ARID4B is critical for mouse embryonic stem cell differentiation towards mesoderm and endoderm, linking epigenetics to pluripotency exit


TERZİ ÇİZMECİOĞLU N. , Huang J., Keskin E. G. , Wang X., Esen I., Chen F., ...More

JOURNAL OF BIOLOGICAL CHEMISTRY, vol.295, no.51, pp.17738-17751, 2020 (Journal Indexed in SCI) identifier identifier identifier

  • Publication Type: Article / Article
  • Volume: 295 Issue: 51
  • Publication Date: 2020
  • Doi Number: 10.1074/jbc.ra120.015534
  • Title of Journal : JOURNAL OF BIOLOGICAL CHEMISTRY
  • Page Numbers: pp.17738-17751

Abstract

Distinct cell types emerge from embryonic stem cells through a precise and coordinated execution of gene expression programs during lineage commitment.
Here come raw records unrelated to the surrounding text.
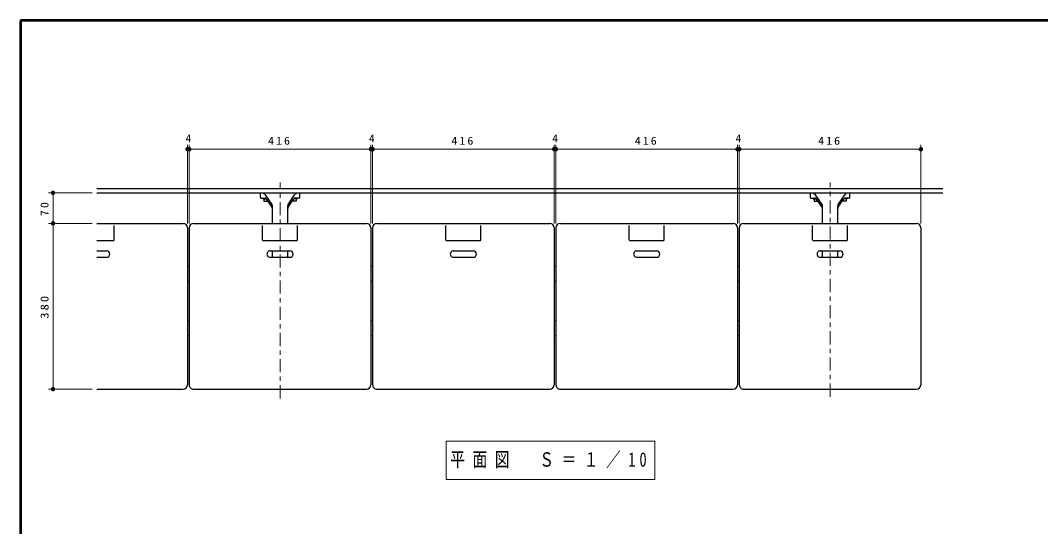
# Model space of a CAD drawing. Units: millimetres on the paper, scale 1:10. Extents: x -365 to 0, y -19 to 257.
# Drawn here: x -365 to -131.3, y 141 to 257 of the extents above; entities that cross this region are included whole.
import ezdxf
from ezdxf.enums import TextEntityAlignment as Align

# ---------------------------------------------------------------- set-up
doc = ezdxf.new("R2010")
doc.units = ezdxf.units.MM
doc.linetypes.add('USER2', pattern=[6, 3, -1, 1, -1])
doc.layers.add('LY_1', color=7, linetype='Continuous', lineweight=25)
doc.layers.add('LY_3', color=7, linetype='Continuous', lineweight=13)
doc.styles.add('ＭＳ ゴシック', font='')
doc.styles.get('ＭＳ ゴシック').set_extended_font_data('MS Gothic')

# ---------------------------------------------------------------- blocks, each defined once
blk = doc.blocks.new('filled_dot')
at = {"color": 0, "linetype": 'Continuous', "lineweight": -2, "const_width": 1.25}
blk.add_lwpolyline([(-0.625, 0, 1), (0.625, 0, 1)], format="xyb", close=True, dxfattribs=at)

msp = doc.modelspace()

# ---------------------------------------------------------------- linework, layer by layer
at = {"layer": 'LY_1', "lineweight": 13}
for p, q in [((-326.729, 210.473), (-326.729, 228.473)), ((-326.729, 227.473), (-326.329, 227.473)), ((-326.329, 210.473), (-326.329, 228.473)), ((-326.329, 227.473), (-284.729, 227.473)), ((-284.729, 210.473), (-284.729, 228.473)), ((-284.729, 227.473), (-284.329, 227.473)), ((-284.329, 210.473), (-284.329, 228.473)), ((-284.329, 227.473), (-242.729, 227.473)), ((-242.729, 210.473), (-242.729, 228.473)), ((-242.729, 227.473), (-242.329, 227.473)), ((-242.329, 210.473), (-242.329, 228.473)), ((-242.329, 227.473), (-200.729, 227.473)), ((-200.729, 210.473), (-200.729, 228.473)), ((-200.729, 227.473), (-200.329, 227.473)), ((-200.329, 210.473), (-200.329, 228.473)), ((-200.329, 227.473), (-158.729, 227.473)), ((-158.729, 210.473), (-158.729, 228.473)), ((-348.529, 217.473), (-358.529, 217.473)), ((-357.529, 210.473), (-357.529, 217.473)), ((-348.529, 210.473), (-358.529, 210.473)), ((-357.529, 172.473), (-357.529, 210.473)), ((-348.529, 172.473), (-358.529, 172.473)), ((-267.505, 160.559), (-267.505, 151.759)), ((-219.705, 160.559), (-267.505, 160.559)), ((-219.705, 151.759), (-219.705, 160.559)), ((-267.505, 151.759), (-219.705, 151.759))]:
    msp.add_line(p, q, dxfattribs=at)
at = {"layer": 'LY_1', "linetype": 'USER2', "lineweight": 13}
for p, q in [((-305.529, 170.358), (-305.529, 219.81)), ((-179.529, 170.739), (-179.529, 219.81))]:
    msp.add_line(p, q, dxfattribs=at)
at = {"layer": 'LY_1'}
for p, q in [((-347.529, 218.473), (-153.729, 218.473)), ((-347.529, 217.473), (-153.729, 217.473)), ((-309.429, 216.273), (-309.429, 216.123)), ((-309.429, 216.123), (-308.674, 216.123)), ((-309.213, 216.123), (-309.213, 215.573)), ((-309.213, 215.573), (-308.297, 215.573)), ((-308.529, 215.922), (-308.529, 215.573)), ((-301.845, 215.573), (-302.762, 215.573)), ((-302.529, 215.922), (-302.529, 215.573)), ((-301.629, 216.123), (-302.385, 216.123)), ((-301.845, 216.123), (-301.845, 215.573)), ((-301.629, 216.273), (-301.629, 216.123)), ((-183.429, 216.273), (-183.429, 216.123)), ((-183.429, 216.123), (-182.674, 216.123)), ((-183.213, 216.123), (-183.213, 215.573)), ((-183.213, 215.573), (-182.297, 215.573)), ((-182.529, 215.922), (-182.529, 215.573)), ((-175.845, 215.573), (-176.762, 215.573)), ((-176.529, 215.922), (-176.529, 215.573)), ((-175.629, 216.123), (-176.385, 216.123)), ((-175.845, 216.123), (-175.845, 215.573)), ((-175.629, 216.273), (-175.629, 216.123)), ((-347.529, 210.473), (-327.729, 210.473)), ((-325.329, 210.473), (-285.729, 210.473)), ((-283.329, 210.473), (-243.729, 210.473)), ((-241.329, 210.473), (-201.729, 210.473)), ((-199.329, 210.473), (-159.729, 210.473)), ((-343.529, 206.723), (-343.529, 209.973)), ((-326.729, 209.473), (-326.729, 173.473)), ((-326.329, 209.473), (-326.329, 173.473)), ((-309.529, 206.723), (-309.529, 209.973)), ((-301.529, 206.723), (-301.529, 209.973)), ((-284.729, 209.473), (-284.729, 173.473)), ((-284.329, 209.473), (-284.329, 173.473)), ((-267.529, 206.723), (-267.529, 209.973)), ((-259.529, 206.723), (-259.529, 209.973)), ((-242.729, 209.473), (-242.729, 173.473)), ((-242.329, 209.473), (-242.329, 173.473)), ((-225.529, 206.723), (-225.529, 209.973)), ((-217.529, 206.723), (-217.529, 209.973)), ((-200.729, 209.473), (-200.729, 173.473)), ((-200.329, 209.473), (-200.329, 173.473)), ((-183.529, 206.723), (-183.529, 209.973)), ((-175.529, 206.723), (-175.529, 209.973)), ((-158.729, 209.473), (-158.729, 173.473)), ((-347.529, 206.523), (-343.729, 206.523)), ((-309.329, 206.523), (-301.729, 206.523)), ((-267.329, 206.523), (-259.729, 206.523)), ((-225.329, 206.523), (-217.729, 206.523)), ((-183.329, 206.523), (-175.729, 206.523)), ((-347.529, 204.193), (-345.279, 204.193)), ((-307.779, 204.193), (-303.279, 204.193)), ((-265.779, 204.193), (-261.279, 204.193)), ((-223.779, 204.193), (-219.279, 204.193)), ((-181.779, 204.193), (-177.279, 204.193)), ((-347.529, 202.693), (-345.279, 202.693)), ((-307.779, 202.693), (-303.279, 202.693)), ((-265.779, 202.693), (-261.279, 202.693)), ((-223.779, 202.693), (-219.279, 202.693)), ((-181.779, 202.693), (-177.279, 202.693)), ((-347.529, 172.473), (-327.729, 172.473)), ((-325.329, 172.473), (-285.729, 172.473)), ((-283.329, 172.473), (-243.729, 172.473)), ((-241.329, 172.473), (-201.729, 172.473)), ((-199.329, 172.473), (-159.729, 172.473))]:
    msp.add_line(p, q, dxfattribs=at)
at = {"layer": 'LY_1', "color": 4}
for p, q in [((-310.029, 216.373), (-310.029, 217.473)), ((-301.029, 216.373), (-301.029, 217.473)), ((-184.029, 216.373), (-184.029, 217.473)), ((-175.029, 216.373), (-175.029, 217.473)), ((-309.929, 216.273), (-309.031, 216.273)), ((-307.363, 214.77), (-308.881, 217.05)), ((-307.363, 214.17), (-308.615, 216.05)), ((-303.695, 214.77), (-302.178, 217.05)), ((-303.695, 214.17), (-302.444, 216.05)), ((-301.129, 216.273), (-302.028, 216.273)), ((-183.929, 216.273), (-183.031, 216.273)), ((-181.363, 214.77), (-182.881, 217.05)), ((-181.363, 214.17), (-182.615, 216.05)), ((-177.695, 214.77), (-176.178, 217.05)), ((-177.695, 214.17), (-176.444, 216.05)), ((-175.129, 216.273), (-176.028, 216.273)), ((-307.279, 210.473), (-307.279, 214.493)), ((-303.779, 210.473), (-303.779, 214.493)), ((-181.279, 210.473), (-181.279, 214.493)), ((-177.779, 210.473), (-177.779, 214.493)), ((-307.279, 202.693), (-307.279, 204.193)), ((-303.779, 202.693), (-303.779, 204.193)), ((-181.279, 202.693), (-181.279, 204.193)), ((-177.779, 202.693), (-177.779, 204.193))]:
    msp.add_line(p, q, dxfattribs=at)
at = {"layer": 'LY_1', "color": 32}
for p, q in [((-326.729, 200.673), (-326.329, 200.673)), ((-284.729, 200.673), (-284.329, 200.673)), ((-242.729, 200.673), (-242.329, 200.673)), ((-200.729, 200.673), (-200.329, 200.673)), ((-326.729, 197.273), (-326.329, 197.273)), ((-284.729, 197.273), (-284.329, 197.273)), ((-242.729, 197.273), (-242.329, 197.273)), ((-200.729, 197.273), (-200.329, 197.273)), ((-326.729, 188.173), (-326.329, 188.173)), ((-284.729, 188.173), (-284.329, 188.173)), ((-242.729, 188.173), (-242.329, 188.173)), ((-200.729, 188.173), (-200.329, 188.173)), ((-326.729, 184.773), (-326.329, 184.773)), ((-284.729, 184.773), (-284.329, 184.773)), ((-242.729, 184.773), (-242.329, 184.773)), ((-200.729, 184.773), (-200.329, 184.773))]:
    msp.add_line(p, q, dxfattribs=at)
at = {"layer": 'LY_1', "color": 4}
for centre, radius, start, end in [((-309.929, 216.373), 0.1, 179.99998, 269.99995), ((-309.031, 215.773), 0.5, 33.65554, 90), ((-302.028, 215.773), 0.5, 90, 146.34445), ((-301.761, 216.773), 0.5, 90, 146.34445), ((-301.129, 216.373), 0.1, 269.99998, 0.00001), ((-183.929, 216.373), 0.1, 179.99998, 269.99995), ((-183.031, 215.773), 0.5, 33.65554, 90), ((-176.028, 215.773), 0.5, 90, 146.34445), ((-175.761, 216.773), 0.5, 90, 146.34445), ((-175.129, 216.373), 0.1, 269.99998, 0.00001), ((-307.779, 214.493), 0.5, 0.00001, 33.65554), ((-307.779, 213.893), 0.5, 0.00001, 33.65554), ((-303.279, 214.493), 0.5, 146.34436, 179.99998), ((-303.279, 213.893), 0.5, 146.34436, 179.99998), ((-181.779, 214.493), 0.5, 0.00001, 33.65554), ((-181.779, 213.893), 0.5, 0.00001, 33.65554), ((-177.279, 214.493), 0.5, 146.34436, 179.99998), ((-177.279, 213.893), 0.5, 146.34436, 179.99998)]:
    msp.add_arc(centre, radius, start, end, dxfattribs=at)
at = {"layer": 'LY_1'}
for centre, radius, start, end in [((-309.297, 216.773), 0.5, 33.65554, 90), ((-183.297, 216.773), 0.5, 33.65554, 90), ((-327.729, 209.473), 1, 0, 89.99998), ((-325.329, 209.473), 1, 89.99998, 179.99996), ((-285.729, 209.473), 1, 0, 89.99998), ((-283.329, 209.473), 1, 89.99998, 179.99996), ((-243.729, 209.473), 1, 0, 89.99998), ((-241.329, 209.473), 1, 89.99998, 179.99996), ((-201.729, 209.473), 1, 0, 89.99998), ((-199.329, 209.473), 1, 89.99998, 179.99996), ((-159.729, 209.473), 1, 0, 89.99998), ((-343.729, 206.723), 0.2, 270.00002, 0), ((-309.329, 206.723), 0.2, 179.99998, 270.00002), ((-301.729, 206.723), 0.2, 270.00002, 0), ((-267.329, 206.723), 0.2, 179.99998, 270.00002), ((-259.729, 206.723), 0.2, 270.00002, 0), ((-225.329, 206.723), 0.2, 179.99998, 270.00002), ((-217.729, 206.723), 0.2, 270.00002, 0), ((-183.329, 206.723), 0.2, 179.99998, 270.00002), ((-175.729, 206.723), 0.2, 270.00002, 0), ((-345.279, 203.443), 0.75, 270.00002, 89.99998), ((-307.779, 203.443), 0.75, 89.99998, 270), ((-303.279, 203.443), 0.75, 270.00002, 89.99998), ((-265.779, 203.443), 0.75, 89.99998, 270), ((-261.279, 203.443), 0.75, 270.00002, 89.99998), ((-223.779, 203.443), 0.75, 89.99998, 270), ((-219.279, 203.443), 0.75, 270.00002, 89.99998), ((-181.779, 203.443), 0.75, 89.99998, 270), ((-177.279, 203.443), 0.75, 270.00002, 89.99998), ((-327.729, 173.473), 1, 270.00002, 0), ((-325.329, 173.473), 1, 179.99998, 270.00002), ((-285.729, 173.473), 1, 270.00002, 0), ((-283.329, 173.473), 1, 179.99998, 270.00002), ((-243.729, 173.473), 1, 270.00002, 0), ((-241.329, 173.473), 1, 179.99998, 270.00002), ((-201.729, 173.473), 1, 270.00002, 0), ((-199.329, 173.473), 1, 179.99998, 270.00002), ((-159.729, 173.473), 1, 270.00002, 0)]:
    msp.add_arc(centre, radius, start, end, dxfattribs=at)
at = {"layer": 'LY_3', "lineweight": 50}
for p, q in [((-365, 257), (-365, 0)), ((0, 257), (-365, 257))]:
    msp.add_line(p, q, dxfattribs=at)

# ---------------------------------------------------------------- block references
at = {"layer": 'LY_1', "lineweight": 13, "xscale": 0.4, "yscale": 0.4}
for p in [(-326.729, 227.473), (-326.329, 227.473), (-284.729, 227.473), (-284.329, 227.473), (-242.729, 227.473), (-242.329, 227.473), (-200.729, 227.473), (-200.329, 227.473)]:
    msp.add_blockref('filled_dot', p, dxfattribs=at)
for p, rotation in [((-158.729, 227.473), 180), ((-357.529, 217.473), 270), ((-357.529, 210.473), 90), ((-357.529, 172.473), 90)]:
    msp.add_blockref('filled_dot', p, dxfattribs=dict(at, rotation=rotation))

# ---------------------------------------------------------------- texts
at = {"layer": 'LY_1', "style": 'ＭＳ ゴシック', "width": 1.05}
for p in [(-326.529, 228.473), (-284.529, 228.473), (-242.529, 228.473), (-200.529, 228.473)]:
    msp.add_text('4', height=1.833, dxfattribs=at).set_placement(p, align=Align.BOTTOM_CENTER)
at = {"layer": 'LY_1', "style": 'ＭＳ ゴシック'}
for s, insert, char_height, attachment_point in [('\\T1.33;\\W1.1;416', (-305.529, 228.473), 1.833, 8), ('\\T1.33;\\W1.1;416', (-263.529, 228.473), 1.833, 8), ('\\T1.33;\\W1.1;416', (-221.529, 228.473), 1.833, 8), ('\\T1.33;\\W1.1;416', (-179.529, 228.473), 1.833, 8), ('\\T1.51;\\W0.75;平面図\u3000Ｓ＝１／10', (-243.605, 156.159), 3.299, 5)]:
    msp.add_mtext(s, dxfattribs=dict(at, insert=insert, char_height=char_height, attachment_point=attachment_point))
at = {"layer": 'LY_1', "char_height": 1.833, "attachment_point": 8, "rotation": 90, "style": 'ＭＳ ゴシック'}
for s, insert in [('\\T1.34;\\W1.1;70', (-358.529, 213.973)), ('\\T1.33;\\W1.15;380', (-358.529, 191.473))]:
    msp.add_mtext(s, dxfattribs=dict(at, insert=insert))

doc.saveas('drawing.dxf')

This is established by the action of lineage specific transcription factors along with chromatin complexes. Numerous studies have focused on epigenetic factors that affect embryonic stem cells (ESC) self-renewal and pluripotency. However, the contribution of chromatin to lineage decisions at the exit from pluripotency has not been as extensively studied. Using a pooled epigenetic shRNA screen strategy, we identified chromatin-related factors critical for differentiation toward mesodermal and endodermal lineages. Here we reveal a critical role for the chromatin protein, ARID4B. Arid4b-deficient mESCs are similar to WT mESCs in the expression of pluripotency factors and their self-renewal. However, ARID4B loss results in defects in up-regulation of the meso/endodermal gene expression program. It was previously shown that Arid4b resides in a complex with SIN3A and HDACS 1 and 2. We identified a physical and functional interaction of ARID4B with HDAC1 rather than HDAC2, suggesting functionally distinct Sin3a subcomplexes might regulate cell fate decisions Finally, we observed that ARID4B deficiency leads to increased H3K27me3 and a reduced H3K27Ac level in key developmental gene loci, whereas a subset of genomic regions gain H3K27Ac marks. Our results demonstrate that epigenetic control through ARID4B plays a key role in the execution of lineage-specific gene expression programs at pluripotency exit.